=== AIM OF THE TASK ===
Take each line of the entries below that contains "width" and copy it.

=== INFORMATION ===
········

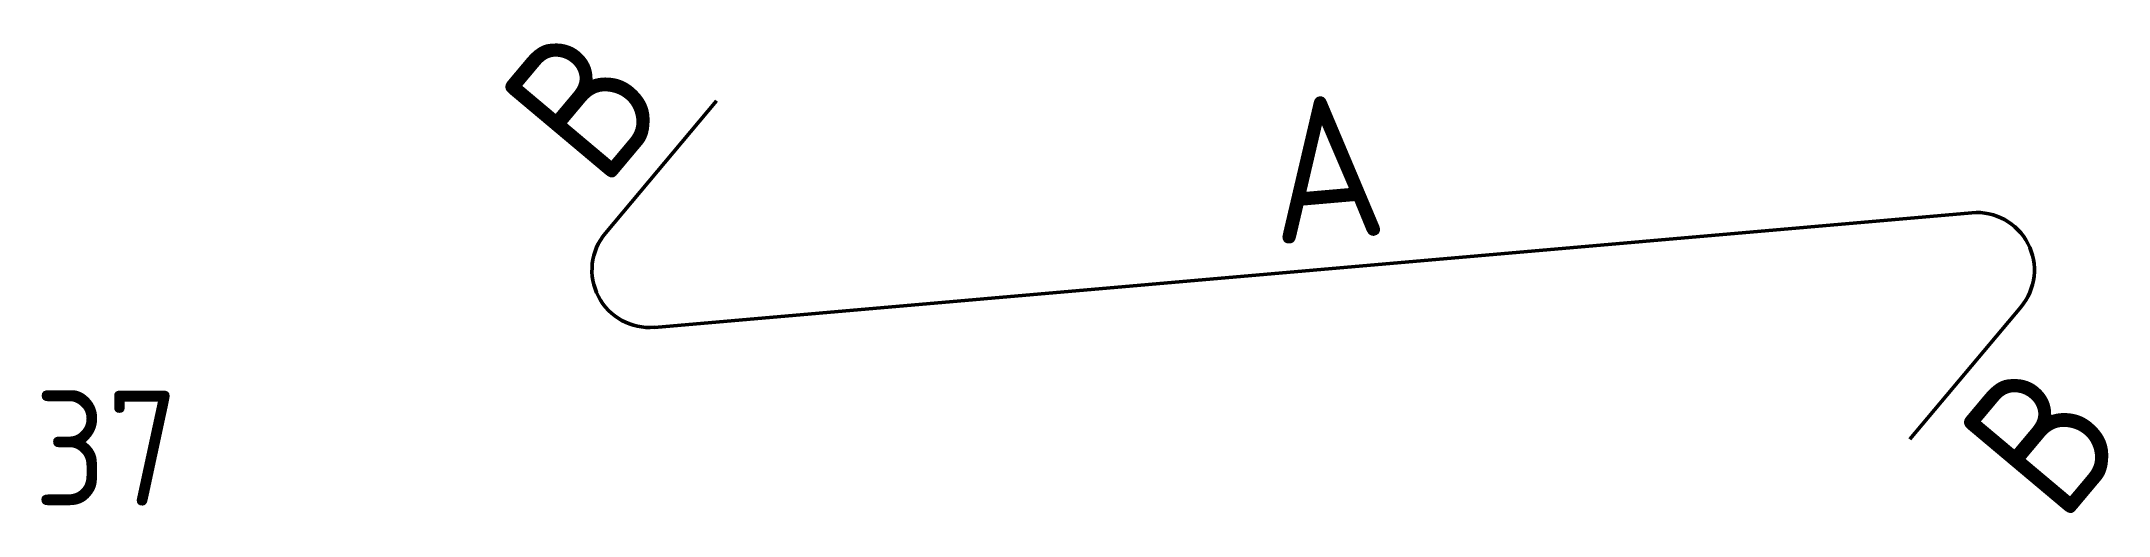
# Model space of a CAD drawing. Extents: x 234219 to 234578, y -45192 to -45110.
import ezdxf
from ezdxf.enums import TextEntityAlignment as Align

# ---------------------------------------------------------------- set-up
doc = ezdxf.new("R2010")
doc.units = 0
doc.layers.add('posedit.mtr.bar', color=7, linetype='Continuous', lineweight=50)
doc.layers.add('posedit.mtr.hidden', color=144, linetype='Continuous', plot=False)
doc.layers.add('posedit.mtr.text', color=3, linetype='Continuous')
doc.styles.add('posedit.ISOCPEUR', font='isocpeur.ttf', dxfattribs={"width": 0.9})

msp = doc.modelspace()

# ---------------------------------------------------------------- linework, layer by layer
at = {"layer": 'posedit.mtr.bar'}
for p, q in [((234316.88, -45142.91), (234336.17, -45119.94)), ((234325.4, -45159.31), (234554.53, -45139.38)), ((234563.06, -45155.78), (234543.76, -45178.75))]:
    msp.add_line(p, q, dxfattribs=at)
for centre, start, end in [((234555.4, -45149.34), 319.9697, 94.9697), ((234324.53, -45149.34), 139.9697, 274.9697)]:
    msp.add_arc(centre, 10, start, end, dxfattribs=at)

# ---------------------------------------------------------------- texts
at = {"layer": 'posedit.mtr.hidden', "color": 144, "style": 'posedit.ISOCPEUR', "width": 0.9}
msp.add_text('37', height=20, dxfattribs=at).set_placement((234217.48, -45190.3))
at = {"layer": 'posedit.mtr.text', "style": 'posedit.ISOCPEUR', "width": 0.9}
for tag, rotation, p in [('B', 49.9693, (234313.12, -45120.17)), ('A', 4.9693, (234442.12, -45131.59)), ('B', 49.9693, (234566.81, -45178.52))]:
    msp.add_attdef(tag, text='', height=25, rotation=rotation, dxfattribs=at).set_placement(p, align=Align.MIDDLE_CENTER)

doc.saveas('drawing.dxf')
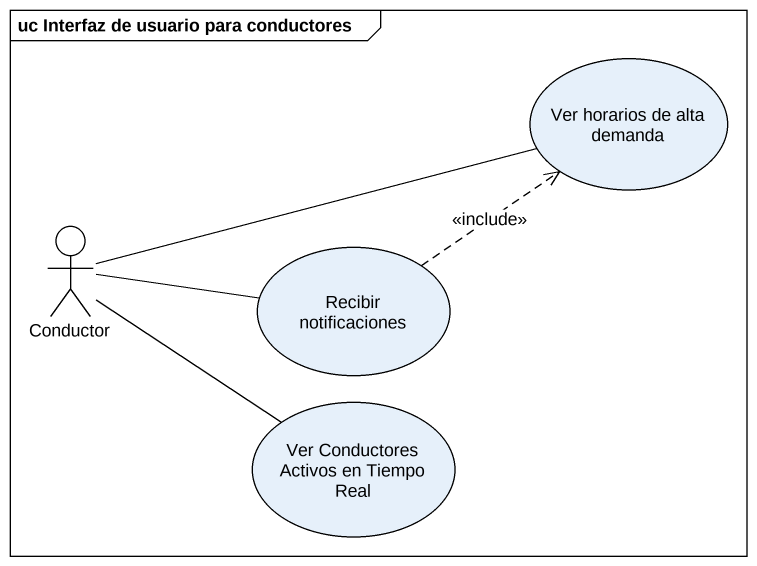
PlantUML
@startuml
mainframe uc Interfaz de usuario para conductores
usecase "Ver horarios de alta demanda" as Ver_horarios_de_alta_demanda
actor Conductor
usecase "Recibir notificaciones" as Recibir_notificaciones
usecase "Ver Conductores Activos en Tiempo Real" as Ver_Conductores_Activos_en
Conductor -right- Ver_horarios_de_alta_demanda
Conductor -right- Recibir_notificaciones
Conductor -- Ver_Conductores_Activos_en
Recibir_notificaciones .up.> Ver_horarios_de_alta_demanda : <<include>>
@enduml
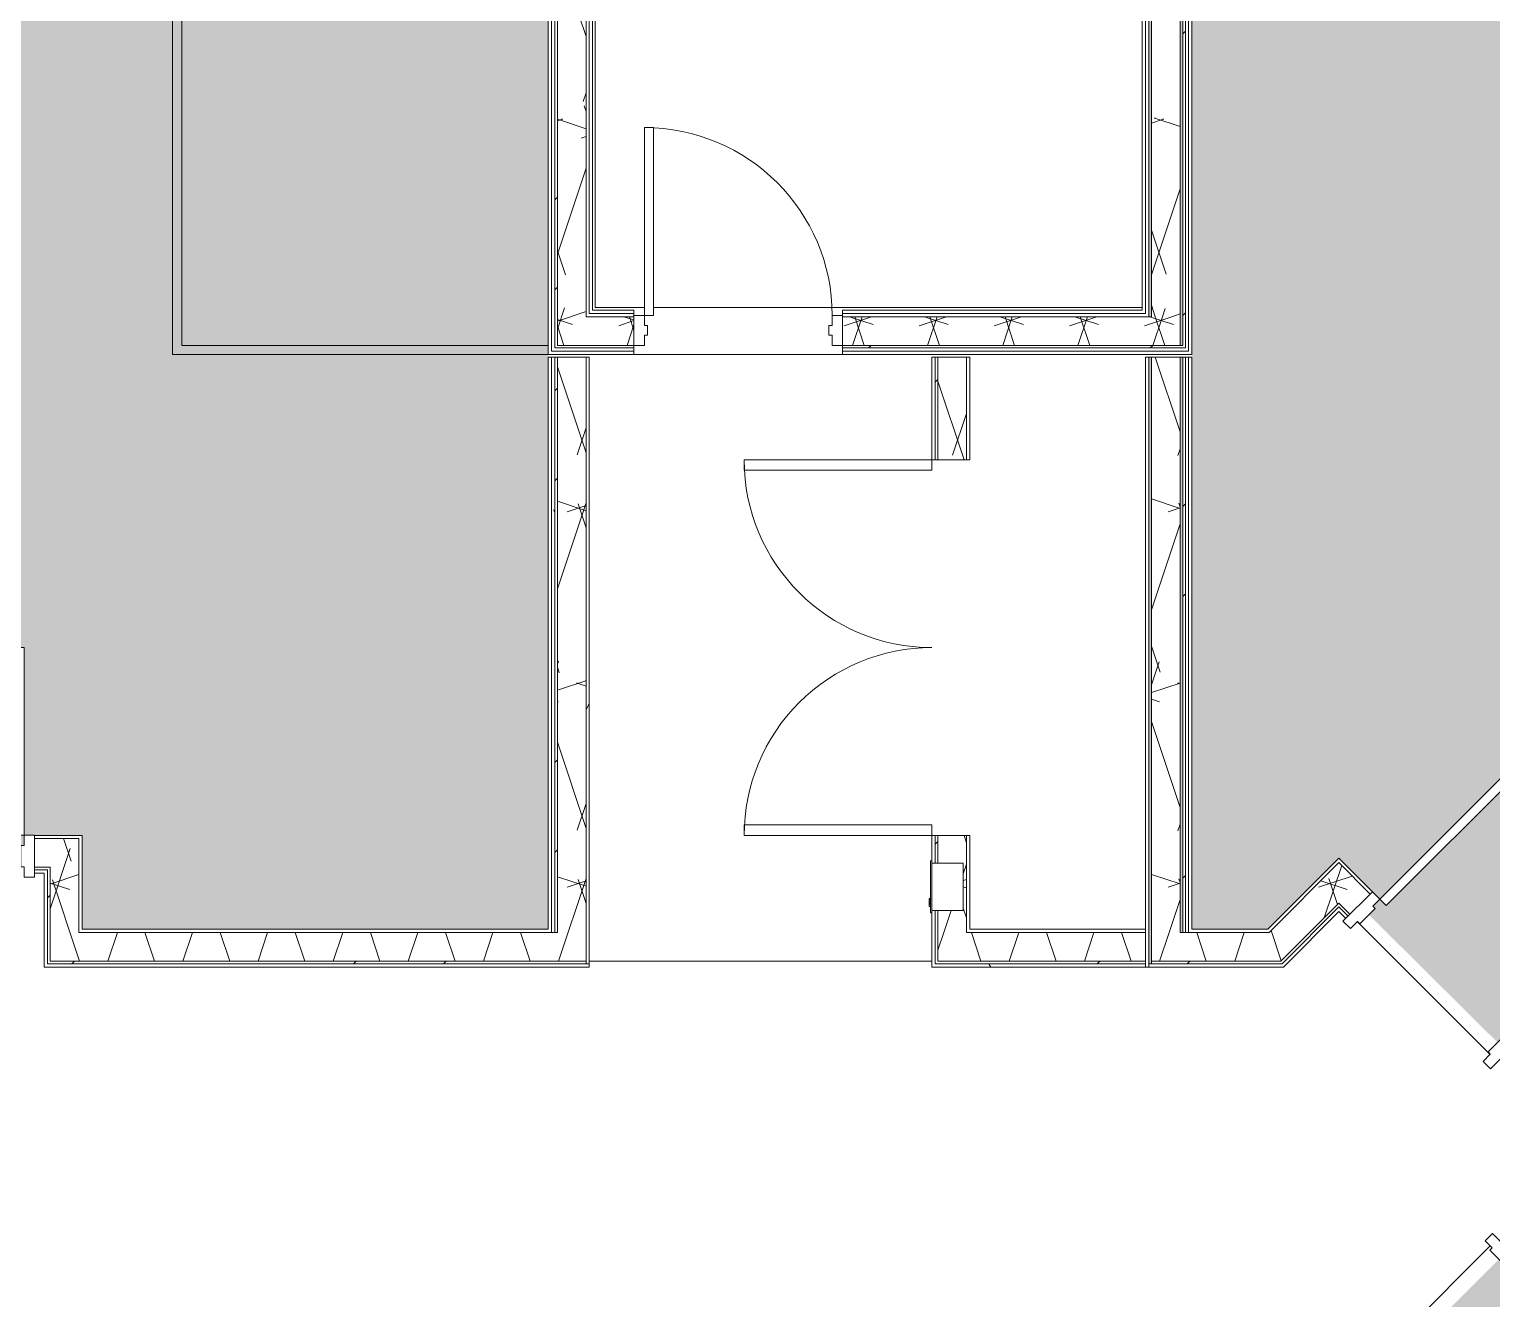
# Model space of a CAD drawing. Header units: inches. Extents: x -1558 to 1975, y 9767 to 12269.
# Drawn here: x 1144.3 to 1424.7, y 11654.5 to 11897.9 of the extents above; entities that cross this region are included whole.
import ezdxf

# ---------------------------------------------------------------- set-up
doc = ezdxf.new("R2010")
doc.units = ezdxf.units.IN
doc.header["$MEASUREMENT"] = 0
for name, color, linetype, lineweight in [('0-1', 7, 'Continuous', 5), ('0-4', 8, 'Continuous', 9), ('A-AREA-PATT-1', 254, 'Continuous', 9), ('A-AREA-PATT-4', 8, 'Continuous', 9), ('A-DOOR', 31, 'Continuous', 9), ('A-DOOR-1', 7, 'Continuous', 9), ('A-DOOR-FRAM', 31, 'Continuous', 9), ('A-DOOR-FRAM-1', 7, 'Continuous', 9), ('A-FLOR-1', 7, 'Continuous', 9), ('A-WALL', 113, 'Continuous', 9), ('A-WALL-1', 7, 'Continuous', 9), ('A-WALL-PATT-1', 8, 'Continuous', 9), ('A-WALL-PATT-2', 253, 'Continuous', 9), ('A-WALL-PATT-3', 7, 'Continuous', 9), ('A-WALL-PATT-5', 111, 'Continuous', 9), ('E-FIRE', 2, 'Continuous', 9), ('I-WALL', 2, 'Continuous', 9), ('I-WALL-1', 1, 'Continuous', 5), ('I-WALL-2', 7, 'Continuous', 9)]:
    doc.layers.add(name, color=color, linetype=linetype, lineweight=lineweight)
pattern_1 = [(0, (0, 0), (115.2, 28.8), [4.752, -81.648, 4.752, -81.648, -460.8]), (0, (0, 0), (115.2, 28.8), [-172.8, 4.752, -168.048, 4.752, -81.648, -201.6]), (0, (0, 0), (115.2, 28.8), [-432, 4.752, -52.848, 4.752, -139.248]), (120, (43.2, 14.4), (-82.54153, 85.366127), [4.752, -81.648, 4.752, -81.648, -460.8]), (120, (43.2, 14.4), (-82.54153, 85.366127), [-172.8, 4.752, -168.048, 4.752, -81.648, -201.6]), (120, (43.2, 14.4), (-82.54153, 85.366127), [-432, 4.752, -52.848, 4.752, -139.248]), (240, (57.6, 72), (-32.65847, -114.166127), [4.752, -81.648, 4.752, -81.648, -460.8]), (240, (57.6, 72), (-32.65847, -114.166127), [-172.8, 4.752, -168.048, 4.752, -81.648, -201.6]), (240, (57.6, 72), (-32.65847, -114.166127), [-432, 4.752, -52.848, 4.752, -139.248])]
pattern_2 = [(45, (0, 0), (-35.63818, 35.63818), []), (45, (0, 54), (-35.63818, 35.63818), [])]
pattern_3 = [(161.57, (1.8, 1.8), (-14.4010124, -0.0012439), [0, -102.456, 11.376, 0]), (18.43, (-1.8, 1.8), (-14.4010124, 0.0012439), [0, -102.456, 11.376, 0]), (108.43, (1.8, 1.8), (7.1973965, -36.003153), [34.146, -79.686]), (71.57, (-1.8, 1.8), (7.1973965, 36.003153), [34.146, -79.686])]
pattern_4 = [(0, (3885.564, 0), (115.2, 28.8), [4.752, -81.648, 4.752, -81.648, -460.8]), (0, (3885.564, 0), (115.2, 28.8), [-172.8, 4.752, -168.048, 4.752, -81.648, -201.6]), (0, (3885.564, 0), (115.2, 28.8), [-432, 4.752, -52.848, 4.752, -139.248]), (120, (3928.764, 14.4), (-82.54153, 85.366127), [4.752, -81.648, 4.752, -81.648, -460.8]), (120, (3928.764, 14.4), (-82.54153, 85.366127), [-172.8, 4.752, -168.048, 4.752, -81.648, -201.6]), (120, (3928.764, 14.4), (-82.54153, 85.366127), [-432, 4.752, -52.848, 4.752, -139.248]), (240, (3943.164, 72), (-32.65847, -114.166127), [4.752, -81.648, 4.752, -81.648, -460.8]), (240, (3943.164, 72), (-32.65847, -114.166127), [-172.8, 4.752, -168.048, 4.752, -81.648, -201.6]), (240, (3943.164, 72), (-32.65847, -114.166127), [-432, 4.752, -52.848, 4.752, -139.248])]
pattern_5 = [(161.57, (3887.364, 1.8), (-14.4010124, -0.0012439), [0, -102.456, 11.376, 0]), (18.43, (3883.764, 1.8), (-14.4010124, 0.0012439), [0, -102.456, 11.376, 0]), (108.43, (3887.364, 1.8), (7.1973965, -36.003153), [34.146, -79.686]), (71.57, (3883.764, 1.8), (7.1973965, 36.003153), [34.146, -79.686])]
pattern_6 = [(45, (3885.564, 0), (-35.63818, 35.63818), []), (45, (3885.564, 54), (-35.63818, 35.63818), [])]

# ---------------------------------------------------------------- blocks, each defined once
blk = doc.blocks.new('CTR - 1st Phase - Shell_rvt-1-KEY PLAN - 2ND FLOOR')
at = {"layer": 'A-FLOR-1'}
for p, q in [((-2713.75, 11835.56), (-2713.75, 12109.71)), ((-2641.75, 11835.56), (-2713.75, 11835.56)), ((-2585.32, 11835.56), (-2625.32, 11835.56)), ((-2486.66, 11726.81), (-2461.2, 11701.35)), ((-2461.2, 11701.35), (-2486.66, 11726.81)), ((-2633.87, 11719.24), (-2568.2, 11719.24)), ((-2568.2, 11719.24), (-2633.87, 11719.24)), ((-2461.19, 11664.64), (-2486.65, 11639.18)), ((-2486.65, 11639.18), (-2461.19, 11664.64))]:
    blk.add_line(p, q, dxfattribs=at)
blk = doc.blocks.new('HOLLOW METAL - STAIR DOOR 3-0 x 7-0-2682974-KEY PLAN - 2ND FLOOR')
at = {"layer": 'A-DOOR-1'}
for p, q in [((16.25, -3.5), (18, -3.5)), ((16.25, -39.5), (16.25, -3.5)), ((18, -3.5), (18, -39.5)), ((18, -39.5), (16.25, -39.5))]:
    blk.add_line(p, q, dxfattribs=at)
blk.add_arc((18, -3.5), 36, 180, 270, dxfattribs=at)
at = {"layer": 'A-DOOR-FRAM-1'}
for p, q in [((-20, 2.25), (-18, 2.25)), ((-20, -3.5), (-20, 2.25)), ((-18, 2.25), (-18, 0.3125)), ((-18, 0.3125), (-17.375, 0.3125)), ((-17.375, 0.3125), (-17.375, -1.5625)), ((17.375, 0.3125), (18, 0.3125)), ((17.375, -1.5625), (17.375, 0.3125)), ((18, 2.25), (20, 2.25)), ((18, 0.3125), (18, 2.25)), ((20, 2.25), (20, -3.5)), ((-18, -1.5625), (-18, -3.5)), ((-17.375, -1.5625), (-18, -1.5625)), ((18, -1.5625), (17.375, -1.5625)), ((18, -3.5), (18, -1.5625)), ((-18, -3.5), (-20, -3.5)), ((20, -3.5), (18, -3.5))]:
    blk.add_line(p, q, dxfattribs=at)
blk = doc.blocks.new('CTR - 1st Phase -Stairs _ Elevators_rvt-1-KEY PLAN - 2ND FLOOR')
at = {"layer": 'A-WALL-PATT-1'}
h = blk.add_hatch(dxfattribs=at)
h.set_pattern_fill('FP_23', color=256, style=0, pattern_type=2)
h.set_pattern_definition(pattern_2)
h.paths.add_polyline_path([(-2640.5, 11836.81), (-2640, 11836.81), (-2640, 12081.69), (-2640.5, 12081.69), (-2640.5, 11837.31)], flags=0)
h = blk.add_hatch(dxfattribs=at)
h.set_pattern_fill('FP_23', color=256, style=0, pattern_type=2)
h.set_pattern_definition(pattern_2)
h.paths.add_polyline_path([(-2519.62, 11837.31), (-2519.62, 12081.69), (-2520.12, 12081.69), (-2520.12, 11837.31)], flags=0)
h = blk.add_hatch(dxfattribs=at)
h.set_pattern_fill('FP_23', color=256, style=0, pattern_type=2)
h.set_pattern_definition(pattern_2)
h.paths.add_polyline_path([(-2634.56, 11836.81), (-2625.32, 11836.81), (-2625.32, 11837.31), (-2640, 11837.31), (-2640, 11836.81), (-2636.88, 11836.81)], flags=0)
h.paths.add_polyline_path([(-2520.62, 11836.81), (-2519.62, 11836.81), (-2519.62, 11837.31), (-2585.32, 11837.31), (-2585.32, 11836.81), (-2526.12, 11836.81)], flags=0)
at = {"layer": 'A-WALL-PATT-2'}
h = blk.add_hatch(dxfattribs=at)
h.set_pattern_fill('FP_5', color=256, style=0, pattern_type=2)
h.set_pattern_definition(pattern_3)
h.paths.add_polyline_path([(-2636.88, 11837.31), (-2634.5, 11837.31), (-2634.5, 12081.69), (-2640, 12081.69), (-2640, 11837.31)], flags=0)
h = blk.add_hatch(dxfattribs=at)
h.set_pattern_fill('FP_5', color=256, style=0, pattern_type=2)
h.set_pattern_definition(pattern_3)
h.paths.add_polyline_path([(-2526.12, 11842.81), (-2520.62, 11842.81), (-2520.62, 12081.69), (-2526.12, 12081.69), (-2526.12, 11842.81)], flags=0)
h = blk.add_hatch(dxfattribs=at)
h.set_pattern_fill('FP_5', color=256, style=0, pattern_type=2)
h.set_pattern_definition(pattern_3)
h.paths.add_polyline_path([(-2634.5, 11837.31), (-2625.32, 11837.31), (-2625.32, 11842.81), (-2634.5, 11842.81)], flags=0)
h.paths.add_polyline_path([(-2526.12, 11837.31), (-2520.62, 11837.31), (-2520.62, 11842.81), (-2585.32, 11842.81), (-2585.32, 11837.31), (-2527.11, 11837.31)], flags=0)
at = {"layer": 'A-WALL-PATT-3'}
h = blk.add_hatch(dxfattribs=at)
h.set_pattern_fill('FP_1', color=256, style=0, pattern_type=2)
h.set_pattern_definition(pattern_1)
h.paths.add_polyline_path([(-2641.75, 11835.56), (-2641.12, 11835.56), (-2641.12, 12081.69), (-2641.75, 12081.69), (-2641.75, 11837.31)], flags=0)
h = blk.add_hatch(dxfattribs=at)
h.set_pattern_fill('FP_1', color=256, style=0, pattern_type=2)
h.set_pattern_definition(pattern_1)
h.paths.add_polyline_path([(-2641.12, 11836.19), (-2640.5, 11836.19), (-2640.5, 12081.69), (-2641.12, 12081.69), (-2641.12, 11837.31)], flags=0)
h = blk.add_hatch(dxfattribs=at)
h.set_pattern_fill('FP_1', color=256, style=0, pattern_type=2)
h.set_pattern_definition(pattern_1)
h.paths.add_polyline_path([(-2634.5, 11842.81), (-2633.87, 11842.81), (-2633.87, 12081.69), (-2634.5, 12081.69), (-2634.5, 11844.57)], flags=0)
h = blk.add_hatch(dxfattribs=at)
h.set_pattern_fill('FP_1', color=256, style=0, pattern_type=2)
h.set_pattern_definition(pattern_1)
h.paths.add_polyline_path([(-2633.87, 11843.44), (-2633.25, 11843.44), (-2633.25, 12081.69), (-2633.87, 12081.69), (-2633.87, 11844.57)], flags=0)
h = blk.add_hatch(dxfattribs=at)
h.set_pattern_fill('FP_1', color=256, style=0, pattern_type=2)
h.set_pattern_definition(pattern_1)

········

=== TASK RESULT ===
doc.styles.add('posedit.ISOCPEUR', font='isocpeur.ttf', dxfattribs={"width": 0.9})
at = {"layer": 'posedit.mtr.hidden', "color": 144, "style": 'posedit.ISOCPEUR', "width": 0.9}
at = {"layer": 'posedit.mtr.text', "style": 'posedit.ISOCPEUR', "width": 0.9}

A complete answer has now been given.